Al llegar a casa, arrastré a Mitch por las escaleras de servicio y lo dejé atado a la barandilla. Busqué un cubo y un cepillo de la cocina. Cuando sonó el teléfono estaba cubierto de espuma; casi dejé pasar la llamada, pero antes de que saltara el contestador, salté para atender desde el teléfono de la cocina.
Contestó un hombre con acento italiano. Buscaba a Victoria Warshawski. ¿Era yo? Era Giulio Carrera, de Medicina Humanitaria.
Mi corazón se detuvo. El cepillo golpeó el suelo.
– ¿Morrell?
– Sí. Tenemos a Morrell. Le dispararon en la frontera afgana. Todavía no sabemos bien lo que ocurrió, pero unas mujeres lo encontraron y se ocuparon de él. Lo localizamos siguiendo algunas pistas y lo trajimos en avión a Zúrich esta mañana a primera hora.
– ¿Está vivo?
– Está vivo. Las mujeres le salvaron la vida. Está débil, pero nos dio su número de teléfono y nos dijo que la llamáramos. Dijo que le dijéramos que no le dispararon en el paso del Khyber. ¿Lo entiende?
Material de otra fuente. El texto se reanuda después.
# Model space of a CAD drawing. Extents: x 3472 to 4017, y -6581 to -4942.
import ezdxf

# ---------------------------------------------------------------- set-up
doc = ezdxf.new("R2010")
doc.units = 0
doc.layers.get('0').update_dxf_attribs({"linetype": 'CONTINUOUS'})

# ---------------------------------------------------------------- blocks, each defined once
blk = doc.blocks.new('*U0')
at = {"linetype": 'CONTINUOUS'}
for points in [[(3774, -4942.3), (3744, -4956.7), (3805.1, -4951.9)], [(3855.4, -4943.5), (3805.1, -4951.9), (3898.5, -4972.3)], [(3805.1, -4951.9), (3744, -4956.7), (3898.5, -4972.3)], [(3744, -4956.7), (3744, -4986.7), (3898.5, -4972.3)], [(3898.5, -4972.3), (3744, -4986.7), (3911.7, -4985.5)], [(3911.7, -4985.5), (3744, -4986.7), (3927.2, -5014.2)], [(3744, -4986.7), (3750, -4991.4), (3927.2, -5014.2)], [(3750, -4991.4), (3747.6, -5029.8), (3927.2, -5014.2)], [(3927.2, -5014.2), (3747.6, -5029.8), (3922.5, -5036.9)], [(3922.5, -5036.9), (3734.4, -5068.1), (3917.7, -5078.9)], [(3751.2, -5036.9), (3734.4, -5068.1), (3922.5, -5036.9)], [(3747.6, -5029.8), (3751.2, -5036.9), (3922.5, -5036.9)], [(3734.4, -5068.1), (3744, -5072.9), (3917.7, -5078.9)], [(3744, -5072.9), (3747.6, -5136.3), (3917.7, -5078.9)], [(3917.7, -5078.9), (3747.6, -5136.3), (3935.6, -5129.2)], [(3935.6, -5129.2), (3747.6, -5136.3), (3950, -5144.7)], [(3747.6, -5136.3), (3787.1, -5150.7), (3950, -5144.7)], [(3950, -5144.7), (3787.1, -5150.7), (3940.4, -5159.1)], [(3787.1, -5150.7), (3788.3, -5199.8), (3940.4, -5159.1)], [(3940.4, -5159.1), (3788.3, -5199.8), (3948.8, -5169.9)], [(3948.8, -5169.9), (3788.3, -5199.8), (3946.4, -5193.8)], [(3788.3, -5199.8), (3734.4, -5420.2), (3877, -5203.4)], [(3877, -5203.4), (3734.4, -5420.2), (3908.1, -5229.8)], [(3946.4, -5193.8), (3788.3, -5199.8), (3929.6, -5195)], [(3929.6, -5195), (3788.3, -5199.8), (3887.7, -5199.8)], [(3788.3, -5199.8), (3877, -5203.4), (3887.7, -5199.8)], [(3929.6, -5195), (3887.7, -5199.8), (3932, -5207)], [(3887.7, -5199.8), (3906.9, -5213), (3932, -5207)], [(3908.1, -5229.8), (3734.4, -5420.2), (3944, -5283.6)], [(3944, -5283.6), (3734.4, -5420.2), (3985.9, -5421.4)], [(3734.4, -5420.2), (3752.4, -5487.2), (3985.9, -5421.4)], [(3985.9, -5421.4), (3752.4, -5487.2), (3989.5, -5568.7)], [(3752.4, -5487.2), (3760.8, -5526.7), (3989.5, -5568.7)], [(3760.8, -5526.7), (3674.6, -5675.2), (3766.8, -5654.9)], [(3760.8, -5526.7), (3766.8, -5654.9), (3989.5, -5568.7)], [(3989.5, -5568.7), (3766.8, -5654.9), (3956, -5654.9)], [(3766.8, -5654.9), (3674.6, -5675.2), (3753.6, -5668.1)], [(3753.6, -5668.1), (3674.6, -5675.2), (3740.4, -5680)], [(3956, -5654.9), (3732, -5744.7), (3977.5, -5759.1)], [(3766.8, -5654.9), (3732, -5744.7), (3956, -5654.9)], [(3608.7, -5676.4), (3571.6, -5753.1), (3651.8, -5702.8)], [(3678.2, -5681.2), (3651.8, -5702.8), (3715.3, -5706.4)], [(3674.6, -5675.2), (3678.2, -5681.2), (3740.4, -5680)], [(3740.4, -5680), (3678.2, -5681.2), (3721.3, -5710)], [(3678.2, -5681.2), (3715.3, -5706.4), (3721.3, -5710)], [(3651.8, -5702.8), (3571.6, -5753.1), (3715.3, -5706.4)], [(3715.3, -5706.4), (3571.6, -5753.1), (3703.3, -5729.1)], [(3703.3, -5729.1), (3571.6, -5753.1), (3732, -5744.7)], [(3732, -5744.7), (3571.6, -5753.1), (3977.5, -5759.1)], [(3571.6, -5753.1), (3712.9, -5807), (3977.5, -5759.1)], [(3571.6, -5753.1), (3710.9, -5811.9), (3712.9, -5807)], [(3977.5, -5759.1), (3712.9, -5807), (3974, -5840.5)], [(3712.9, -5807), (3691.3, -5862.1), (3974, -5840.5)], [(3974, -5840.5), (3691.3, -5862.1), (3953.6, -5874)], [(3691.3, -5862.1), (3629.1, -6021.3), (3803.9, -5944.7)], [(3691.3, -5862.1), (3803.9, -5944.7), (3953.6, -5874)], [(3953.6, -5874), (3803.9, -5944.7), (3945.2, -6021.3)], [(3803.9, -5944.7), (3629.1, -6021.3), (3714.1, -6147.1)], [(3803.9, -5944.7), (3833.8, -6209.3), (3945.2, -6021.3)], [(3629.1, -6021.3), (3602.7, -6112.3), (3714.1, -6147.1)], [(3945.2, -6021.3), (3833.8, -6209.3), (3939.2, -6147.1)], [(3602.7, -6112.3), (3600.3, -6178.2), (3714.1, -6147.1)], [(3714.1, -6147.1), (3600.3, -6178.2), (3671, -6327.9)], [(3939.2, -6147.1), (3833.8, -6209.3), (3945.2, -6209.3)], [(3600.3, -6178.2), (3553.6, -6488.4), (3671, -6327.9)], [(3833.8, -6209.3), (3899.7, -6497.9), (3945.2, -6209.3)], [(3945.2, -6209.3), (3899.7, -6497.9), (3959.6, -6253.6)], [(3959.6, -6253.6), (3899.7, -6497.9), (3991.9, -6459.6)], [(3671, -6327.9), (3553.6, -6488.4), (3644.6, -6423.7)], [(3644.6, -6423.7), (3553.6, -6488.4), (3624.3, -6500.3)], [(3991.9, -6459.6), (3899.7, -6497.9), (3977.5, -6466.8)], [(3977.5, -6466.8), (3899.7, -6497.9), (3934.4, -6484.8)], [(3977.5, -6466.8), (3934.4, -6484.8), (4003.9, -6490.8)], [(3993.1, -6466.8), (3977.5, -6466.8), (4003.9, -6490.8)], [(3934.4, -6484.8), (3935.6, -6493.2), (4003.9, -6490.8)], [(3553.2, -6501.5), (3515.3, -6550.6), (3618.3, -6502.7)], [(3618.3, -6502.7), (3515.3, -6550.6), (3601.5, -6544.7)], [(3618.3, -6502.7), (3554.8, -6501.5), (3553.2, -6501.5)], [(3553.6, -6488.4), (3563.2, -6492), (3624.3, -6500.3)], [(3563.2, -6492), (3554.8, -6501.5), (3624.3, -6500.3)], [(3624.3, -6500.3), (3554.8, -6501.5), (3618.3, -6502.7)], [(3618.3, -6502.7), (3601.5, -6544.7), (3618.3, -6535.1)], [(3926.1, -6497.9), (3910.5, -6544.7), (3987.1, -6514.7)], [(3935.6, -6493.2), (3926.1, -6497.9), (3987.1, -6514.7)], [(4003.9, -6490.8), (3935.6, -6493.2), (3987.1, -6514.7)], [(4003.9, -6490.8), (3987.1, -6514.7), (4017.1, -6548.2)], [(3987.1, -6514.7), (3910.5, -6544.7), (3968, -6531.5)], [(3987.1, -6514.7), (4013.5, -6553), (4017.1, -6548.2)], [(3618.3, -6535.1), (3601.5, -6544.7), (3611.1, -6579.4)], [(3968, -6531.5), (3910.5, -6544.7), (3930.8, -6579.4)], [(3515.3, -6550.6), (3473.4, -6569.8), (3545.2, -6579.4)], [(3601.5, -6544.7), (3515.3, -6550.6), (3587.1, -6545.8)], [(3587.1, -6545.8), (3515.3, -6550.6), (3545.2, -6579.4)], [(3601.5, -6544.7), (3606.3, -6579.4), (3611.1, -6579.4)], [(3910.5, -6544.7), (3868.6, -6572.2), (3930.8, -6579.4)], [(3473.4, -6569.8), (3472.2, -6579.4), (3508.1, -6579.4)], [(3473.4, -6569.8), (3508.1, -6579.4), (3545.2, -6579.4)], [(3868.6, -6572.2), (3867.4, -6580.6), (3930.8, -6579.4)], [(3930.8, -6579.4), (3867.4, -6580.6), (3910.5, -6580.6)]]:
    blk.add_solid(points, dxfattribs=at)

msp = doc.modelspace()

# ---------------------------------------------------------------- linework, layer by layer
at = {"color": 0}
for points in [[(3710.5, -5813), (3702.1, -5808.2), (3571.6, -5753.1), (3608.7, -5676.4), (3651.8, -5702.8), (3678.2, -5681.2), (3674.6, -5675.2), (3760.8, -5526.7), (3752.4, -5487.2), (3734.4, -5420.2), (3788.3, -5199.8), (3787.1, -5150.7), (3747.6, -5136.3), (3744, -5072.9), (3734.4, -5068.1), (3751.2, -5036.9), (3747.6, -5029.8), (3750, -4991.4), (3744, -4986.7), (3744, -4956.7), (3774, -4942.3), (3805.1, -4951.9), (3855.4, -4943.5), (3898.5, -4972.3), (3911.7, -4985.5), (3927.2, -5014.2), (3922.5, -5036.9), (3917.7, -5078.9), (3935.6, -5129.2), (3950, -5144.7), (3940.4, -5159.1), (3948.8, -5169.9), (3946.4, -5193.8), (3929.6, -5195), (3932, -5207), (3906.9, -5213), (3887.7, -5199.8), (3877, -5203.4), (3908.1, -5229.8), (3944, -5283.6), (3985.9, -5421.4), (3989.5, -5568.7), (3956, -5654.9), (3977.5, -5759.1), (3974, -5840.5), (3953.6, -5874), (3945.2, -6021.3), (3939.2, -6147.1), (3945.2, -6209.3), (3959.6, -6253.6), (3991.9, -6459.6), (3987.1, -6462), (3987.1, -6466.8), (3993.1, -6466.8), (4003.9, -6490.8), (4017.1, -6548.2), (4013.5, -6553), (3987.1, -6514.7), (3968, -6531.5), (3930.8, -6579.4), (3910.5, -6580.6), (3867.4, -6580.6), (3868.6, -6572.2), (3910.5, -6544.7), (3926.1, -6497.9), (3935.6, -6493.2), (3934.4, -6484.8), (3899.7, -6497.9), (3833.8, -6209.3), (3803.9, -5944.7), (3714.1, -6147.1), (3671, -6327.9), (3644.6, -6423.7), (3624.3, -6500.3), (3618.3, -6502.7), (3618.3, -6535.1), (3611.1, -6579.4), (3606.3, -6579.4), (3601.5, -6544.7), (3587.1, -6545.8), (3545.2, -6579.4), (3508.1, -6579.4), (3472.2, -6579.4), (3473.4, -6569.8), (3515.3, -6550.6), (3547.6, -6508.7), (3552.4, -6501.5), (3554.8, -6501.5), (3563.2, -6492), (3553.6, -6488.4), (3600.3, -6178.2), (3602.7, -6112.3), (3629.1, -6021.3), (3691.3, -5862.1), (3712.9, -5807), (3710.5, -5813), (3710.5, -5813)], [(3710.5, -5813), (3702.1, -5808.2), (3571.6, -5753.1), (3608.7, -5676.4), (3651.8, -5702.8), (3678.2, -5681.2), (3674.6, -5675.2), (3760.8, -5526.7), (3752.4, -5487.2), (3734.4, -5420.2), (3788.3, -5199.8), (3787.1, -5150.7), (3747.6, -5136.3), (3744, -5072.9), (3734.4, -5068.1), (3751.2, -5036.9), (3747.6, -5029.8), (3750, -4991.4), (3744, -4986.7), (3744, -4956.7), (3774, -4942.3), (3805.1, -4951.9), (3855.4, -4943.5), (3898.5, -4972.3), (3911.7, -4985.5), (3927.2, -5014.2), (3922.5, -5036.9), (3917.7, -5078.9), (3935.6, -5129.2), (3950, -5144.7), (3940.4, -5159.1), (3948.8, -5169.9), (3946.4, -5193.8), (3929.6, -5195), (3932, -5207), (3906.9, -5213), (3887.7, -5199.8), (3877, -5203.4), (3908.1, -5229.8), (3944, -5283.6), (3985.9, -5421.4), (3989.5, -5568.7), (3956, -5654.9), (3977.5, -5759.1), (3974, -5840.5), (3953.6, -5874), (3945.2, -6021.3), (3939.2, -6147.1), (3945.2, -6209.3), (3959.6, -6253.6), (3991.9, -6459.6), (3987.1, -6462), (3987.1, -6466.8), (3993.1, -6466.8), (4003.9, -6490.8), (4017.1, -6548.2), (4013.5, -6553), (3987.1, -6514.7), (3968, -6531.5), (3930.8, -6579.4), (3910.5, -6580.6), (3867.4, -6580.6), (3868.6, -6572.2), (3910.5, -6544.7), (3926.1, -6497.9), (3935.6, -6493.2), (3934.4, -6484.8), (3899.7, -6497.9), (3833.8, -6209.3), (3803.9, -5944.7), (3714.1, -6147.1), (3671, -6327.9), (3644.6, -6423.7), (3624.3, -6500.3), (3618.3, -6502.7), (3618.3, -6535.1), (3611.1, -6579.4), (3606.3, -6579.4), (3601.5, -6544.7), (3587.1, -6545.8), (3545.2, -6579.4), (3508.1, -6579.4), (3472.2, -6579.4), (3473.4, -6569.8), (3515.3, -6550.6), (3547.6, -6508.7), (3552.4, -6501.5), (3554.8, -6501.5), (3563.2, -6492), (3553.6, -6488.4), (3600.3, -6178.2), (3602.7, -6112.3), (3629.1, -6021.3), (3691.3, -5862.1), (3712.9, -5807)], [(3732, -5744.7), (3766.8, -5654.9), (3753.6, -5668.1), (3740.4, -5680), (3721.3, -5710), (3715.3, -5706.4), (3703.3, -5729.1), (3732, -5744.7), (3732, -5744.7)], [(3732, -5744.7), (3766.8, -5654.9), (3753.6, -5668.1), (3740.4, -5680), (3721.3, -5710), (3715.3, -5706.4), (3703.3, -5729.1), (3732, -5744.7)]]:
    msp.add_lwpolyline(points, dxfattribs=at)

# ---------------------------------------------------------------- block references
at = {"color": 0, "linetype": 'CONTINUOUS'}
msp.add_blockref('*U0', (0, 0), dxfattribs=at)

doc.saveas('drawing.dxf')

Me reí nerviosa. Era mi gran preocupación: que le dispararan y le abandonaran en el paso del Khyber. Estaba consciente, podía recordar eso, podía recordar mi número de teléfono. Se acordaba de mí.
– ¿Dónde está?
Carrera me dio el nombre del hospital. Dejé mensajes para Morrell, chapurreando en italiano y en inglés. Mucho tiempo después de que Carrera colgara, seguía sosteniendo el auricular contra mi pecho, con el rostro empapado. De vez en cuando, en medio del dolor y la impotencia, la vida nos da un respiro.